O inglês pareceu reflectir por um instante. Olhou os despojos deploráveis do doente,
que tinha o rosto sacudido por espasmos dolorosos e as mãos trémulas. Uma
carcaça emagrecida com um acre odor de suor, urina e outros humores que o calor
da tenda tornava insuportáveis.
Filipe ergueu a mão
febril, pôs o indicador no peito do soberano, gigante e maciço. Em seguida,
sussurrou: vá, Ricardo... Leve seu coração de leão até Jerusalém. Controlando a
repugnância, o inglês se obrigou a pôr a mão amigável na testa ardente do
doente e respondeu: que seja. Ao beijar o solo, terei um pensamento afectuoso
para você. Rezarei para o seu restabelecimento. E porei tanto ardor nas minhas
súplicas que, aposto, em pouco tempo estará novamente de pé. Tenho a certeza,
balbuciou Filipe. Agora, tenha a bondade de me deixar a sós com o cavaleiro
Renaud. O senhor também, abade, saia um instante... O eclesiástico saiu da
banqueta e, continuando a murmurar alguma litania em latim, retirou-se deixando
o rei Ricardo sair na frente. Este lançou um olhar distraído aos dois fiéis
amigos de Filipe, os cavaleiros Benoit e Henri, que mal o saudaram, preocupados
que estavam com a doença de seu mestre. Com um terrível esforço, Filipe tentou
sentar-se no leito. Renaud acorreu para ajudá-lo e lhe ajeitar as costas com
uma almofada.
A minha doença não
está ligada ao que fizemos na Torre maldita?, perguntou o rei. Não violaámos um
santuário? O templário tranquilizou-o: fui eu quem pegou os rolos e não sofri
nenhum sortilégio! Repito, Sire, fostes atingido por uma forte e maldita doença
do suor, que o vosso organismo fragilizado pela tristeza não pôde evitar.
Certamente, precisareis de tempo para recuperar vossas forças, mas o tratamento
que administro poderá vencer essa febre. Enquanto isso, Ricardo vai colher os
louros da tomada de Jerusalém. A Cidade Santa não passa de um odre vazio. Eu já
disse, Sire, vamos deixar Ricardo com os seus sonhos de conquista e de
hegemonia. Vamos deixá-lo atolar na areia. Enquanto ele permanecer aqui, não
ficará de olho no vosso reino. O que há de tão importante nos pergaminhos que
viemos buscar? Sabereis
em breve. Os Templários entregarão os rolos a dois escribas, Agnano e Nicolau
de Pádua, da abadia de Orbigny, clérigos que saberão traduzi-los para o latim.

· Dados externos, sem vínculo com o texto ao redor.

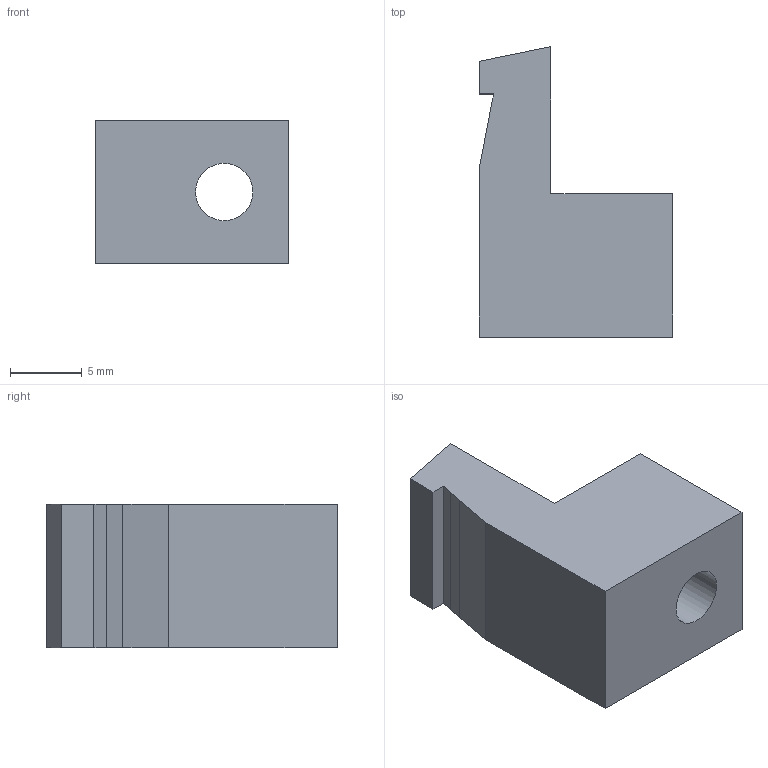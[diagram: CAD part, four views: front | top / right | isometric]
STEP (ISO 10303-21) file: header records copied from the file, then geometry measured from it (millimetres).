
FILE_DESCRIPTION (( 'STEP AP203' ), '1' );
FILE_NAME ('WTF-9_feed_ramp.STEP', '2020-05-09T10:15:00', ( '' ), ( '' ), 'SwSTEP 2.0', 'SolidWorks 2016', '' );
FILE_SCHEMA (( 'CONFIG_CONTROL_DESIGN' ));
Length unit declared in the file: millimetre
Products named in the file (2): WTF-9_feed_ramp; WTF9 V1 FINAL
Assembly tree (1 placements, depth 2):
  WTF-9_feed_ramp
    WTF9 V1 FINAL
Bounding box: 13.5 x 20.24 x 10 mm (x, y, z)
Volume: 1684.5 mm3; surface area: 1139.3 mm2
Topology: 1 solids, 1 shells, 15 faces, 39 edges, 26 vertices
Faces by surface type: plane 14, cylinder 1
Full cylindrical faces by diameter (mm): 4 x1
Entity records: 650 total; most frequent: CARTESIAN_POINT 83, DIRECTION 78, ORIENTED_EDGE 76, EDGE_CURVE 38, VECTOR 36, LINE 36, VERTEX_POINT 26, AXIS2_PLACEMENT_3D 21

São dois homens sábios, embora sejam pervertidos e sodomitas. Dizem-se irmãos,
mas não passam de homossexuais. Filipe foi tomado por um súbito acesso de
tosse. Renaud imediatamente lhe serviu uma taça de água com mel diluído. Assim
que deu um gole, o monarca recomeçou a tossir ainda mais forte, o peito
entrecortado por convulsões violentas. Um jacto de sangue acre e negro jorrou
da sua boca e manchou a túnica branca do templário.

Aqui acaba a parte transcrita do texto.